Water Authority officials maintain that while chemicals from the waste stream flowing through the sewers and Las Vegas Wash to the lake could affect fish and the environment, drinking water drawn from the lake is sufficiently treated to eliminate any significant threat to human health.

Shane Snyder, the Water Authority's principal researcher on the issue, said Thursday at a conference of the American Society of Mechanical Engineers that people are exposed to far higher levels of most hormone-disrupting chemicals in the environment than they would receive from treated drinking water.

He asked rhetorically whether it was good policy to spend "trillions of dollars" removing hormone-disrupting chemicals from water when such chemicals are present in far larger amounts in the environment.

Snyder said the central question of the "toxicological relevance" of chemicals in tiny quantities - amounts that were undetectable just a few years ago - has yet to be answered.

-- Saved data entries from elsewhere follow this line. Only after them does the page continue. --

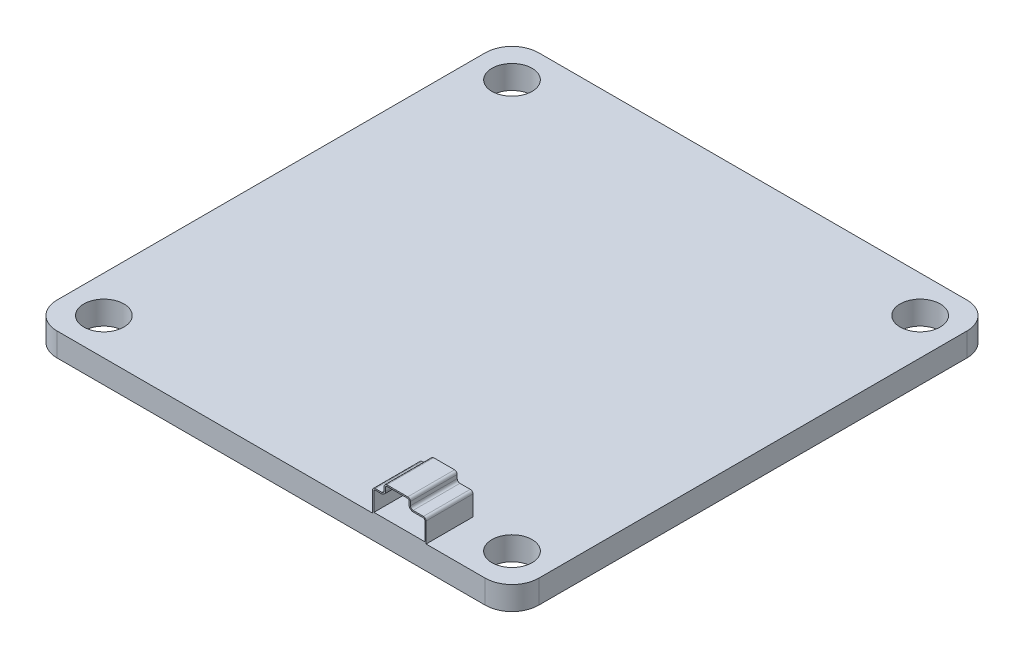
SolidWorks part; units mm, degrees
ref_plane "Front Plane" through (0, 0, 0) normal (0, 0, 1) x (1, 0, 0)
ref_plane "Top Plane" through (0, 0, 0) normal (0, 1, 0) x (1, 0, 0)
ref_plane "Right Plane" through (0, 0, 0) normal (1, 0, 0) x (0, 0, -1)
sketch "Sketch1" plane through (0, 0, 0) normal (0, 1, 0) x (1, 0, 0)
  line L1 (-16, 18) -> (16, 18)
  line L2 (-18, 16) -> (-18, -16)
  line L3 (-16, -18) -> (16, -18)
  line L4 (18, 16) -> (18, -16)
  line L5 (-18, 18) -> (18, -18) construction
  line L6 (-18, -18) -> (18, 18) construction
  line L7 (-15.25, 15.25) -> (15.25, 15.25) construction
  line L8 (-15.25, 15.25) -> (-15.25, -15.25) construction
  line L9 (-15.25, -15.25) -> (15.25, -15.25) construction
  line L10 (15.25, 15.25) -> (15.25, -15.25) construction
  line L11 (-15.25, 15.25) -> (15.25, -15.25) construction
  line L12 (-15.25, -15.25) -> (15.25, 15.25) construction
  circle A0 centre (-15.25, 15.25) radius 1.5
  circle A1 centre (15.25, 15.25) radius 1.5
  circle A2 centre (15.25, -15.25) radius 1.5
  circle A3 centre (-15.25, -15.25) radius 1.5
  arc A4 (-16, -18) -> (-18, -16) centre (-16, -16) cw
  arc A5 (16, -18) -> (18, -16) centre (16, -16) ccw
  arc A6 (18, 16) -> (16, 18) centre (16, 16) ccw
  arc A7 (-16, 18) -> (-18, 16) centre (-16, 16) ccw
  point P0 (0, 0)
  point P6 (0, 0)
  point P27 (-77.7756, 4.9038)
  dimension "D3" = 3
  dimension "D4" = 2
  dimension "D5" = 2
  dimension "D6" = 2
  dimension "D7" = 2
  dimension "D1" = 36
  dimension "D2" = 30.5
extrude "Boss-Extrude1" add sketch "Sketch1" along normal blind 1.75
sketch "Sketch2" plane through (0, 0, 18) normal (0, 0, 1) x (1, 0, 0)
  line L0 (-16, 1.75) -> (16, 1.75) construction
  line L1 (7.5808, 1.75) -> (11.5808, 1.75)
  line L2 (7.5808, 1.75) -> (7.5808, 3.24)
  line L3 (8.6481, 4.1176) -> (10.2074, 4.1176)
  line L4 (11.5808, 1.75) -> (11.5808, 3.24)
  line L5 (7.7808, 3.44) -> (8.2481, 3.44)
  line L6 (8.4481, 3.64) -> (8.4481, 3.9176)
  line L7 (11.3808, 3.44) -> (10.6074, 3.44)
  line L8 (10.4074, 3.64) -> (10.4074, 3.9176)
  line L9 (8.6481, 4.0176) -> (10.2074, 4.0176)
  line L10 (10.3074, 3.64) -> (10.3074, 3.9176)
  line L11 (11.3808, 3.34) -> (10.6074, 3.34)
  line L12 (11.4808, 1.85) -> (11.4808, 3.24)
  line L13 (7.6808, 1.85) -> (11.4808, 1.85)
  line L14 (7.6808, 1.85) -> (7.6808, 3.24)
  line L15 (7.7808, 3.34) -> (8.2481, 3.34)
  line L16 (8.5481, 3.64) -> (8.5481, 3.9176)
  arc A0 (11.5808, 3.24) -> (11.3808, 3.44) centre (11.3808, 3.24) ccw
  arc A1 (7.7808, 3.44) -> (7.5808, 3.24) centre (7.7808, 3.24) ccw
  arc A2 (8.4481, 3.64) -> (8.2481, 3.44) centre (8.2481, 3.64) cw
  arc A3 (10.6074, 3.44) -> (10.4074, 3.64) centre (10.6074, 3.64) cw
  arc A4 (10.4074, 3.9176) -> (10.2074, 4.1176) centre (10.2074, 3.9176) ccw
  arc A5 (8.4481, 3.9176) -> (8.6481, 4.1176) centre (8.6481, 3.9176) cw
  arc A6 (10.3074, 3.9176) -> (10.2074, 4.0176) centre (10.2074, 3.9176) ccw
  arc A7 (10.6074, 3.34) -> (10.3074, 3.64) centre (10.6074, 3.64) cw
  arc A8 (11.4808, 3.24) -> (11.3808, 3.34) centre (11.3808, 3.24) ccw
  arc A9 (7.7808, 3.34) -> (7.6808, 3.24) centre (7.7808, 3.24) ccw
  arc A10 (8.5481, 3.64) -> (8.2481, 3.34) centre (8.2481, 3.64) cw
  arc A11 (8.5481, 3.9176) -> (8.6481, 4.0176) centre (8.6481, 3.9176) cw
  point P16 (8.4481, 3.44)
  point P23 (3.963, 4.9256)
  dimension "D1" = 0.2
  dimension "D2" = 0.2
  dimension "D3" = 0.2
  dimension "D4" = 0.2
  dimension "D5" = 0.2
  dimension "D6" = 0.2
  dimension "D7" = 0.1
extrude "Boss-Extrude4" add sketch "Sketch2" against normal blind 3
sketch "Sketch5" plane through (0, 0, 15) normal (0, 0, -1) x (-1, 0, 0)
  line L8 (-7.5808, 1.75) -> (-7.5808, 3.24)
  line L9 (-7.7808, 3.44) -> (-8.2481, 3.44)
  line L10 (-8.4481, 3.64) -> (-8.4481, 3.9176)
  line L11 (-8.6481, 4.1176) -> (-10.2074, 4.1176)
  line L12 (-10.4074, 3.9176) -> (-10.4074, 3.64)
  line L13 (-10.6074, 3.44) -> (-11.3808, 3.44)
  line L14 (-11.5808, 3.24) -> (-11.5808, 1.75)
  line L15 (-11.5808, 1.75) -> (-7.5808, 1.75)
  line L16 (-7.5808, 1.75) -> (-7.5808, 3.24)
  line L17 (-7.7808, 3.44) -> (-8.2481, 3.44)
  line L18 (-8.4481, 3.64) -> (-8.4481, 3.9176)
  line L19 (-8.6481, 4.1176) -> (-10.2074, 4.1176)
  line L20 (-10.4074, 3.9176) -> (-10.4074, 3.64)
  line L21 (-10.6074, 3.44) -> (-11.3808, 3.44)
  line L22 (-11.5808, 3.24) -> (-11.5808, 1.75)
  line L23 (-11.5808, 1.75) -> (-7.5808, 1.75)
  arc A6 (-7.5808, 3.24) -> (-7.7808, 3.44) centre (-7.7808, 3.24) ccw
  arc A7 (-8.4481, 3.64) -> (-8.2481, 3.44) centre (-8.2481, 3.64) ccw
  arc A8 (-8.4481, 3.9176) -> (-8.6481, 4.1176) centre (-8.6481, 3.9176) ccw
  arc A9 (-10.2074, 4.1176) -> (-10.4074, 3.9176) centre (-10.2074, 3.9176) ccw
  arc A10 (-10.6074, 3.44) -> (-10.4074, 3.64) centre (-10.6074, 3.64) ccw
  arc A11 (-11.3808, 3.44) -> (-11.5808, 3.24) centre (-11.3808, 3.24) ccw
  arc A12 (-7.5808, 3.24) -> (-7.7808, 3.44) centre (-7.7808, 3.24) ccw
  arc A13 (-8.4481, 3.64) -> (-8.2481, 3.44) centre (-8.2481, 3.64) ccw
  arc A14 (-8.4481, 3.9176) -> (-8.6481, 4.1176) centre (-8.6481, 3.9176) ccw
  arc A15 (-10.2074, 4.1176) -> (-10.4074, 3.9176) centre (-10.2074, 3.9176) ccw
  arc A16 (-10.6074, 3.44) -> (-10.4074, 3.64) centre (-10.6074, 3.64) ccw
  arc A17 (-11.3808, 3.44) -> (-11.5808, 3.24) centre (-11.3808, 3.24) ccw
  dimension "D1" = 0
extrude "Boss-Extrude5" add sketch "Sketch5" along normal blind 0.5
sketch "Sketch7" plane through (0, 0, 14.5) normal (0, 0, -1) x (-1, 0, 0)
  circle A0 centre (-10.3024, 3.1993) radius 0.25
  circle A1 centre (-9.5024, 3.1993) radius 0.25
  circle A2 centre (-8.7024, 3.1993) radius 0.25
  dimension "D1" = 0.8
  dimension "D2" = 0.8
  dimension "D3" = 0.5
extrude "Cut-Extrude1" cut sketch "Sketch7" against normal up to next

J.C. Davis, Water Authority spokesman, noted that even in Lake Mead itself, the quantities are minuscule - in the parts per trillion, a grain of salt in a swimming pool. Treatment processes further degrade, destroy and dilute these chemical compounds in drinking water.

"Eventually the analytical ability outpaces the health effects," Davis said. "The question is, at what concentration are these relevant and you have to do something about them?"

He said Snyder will join federal and local researchers in trying to find those answers.

"People in the water industry want to know the answers to the questions we are asking."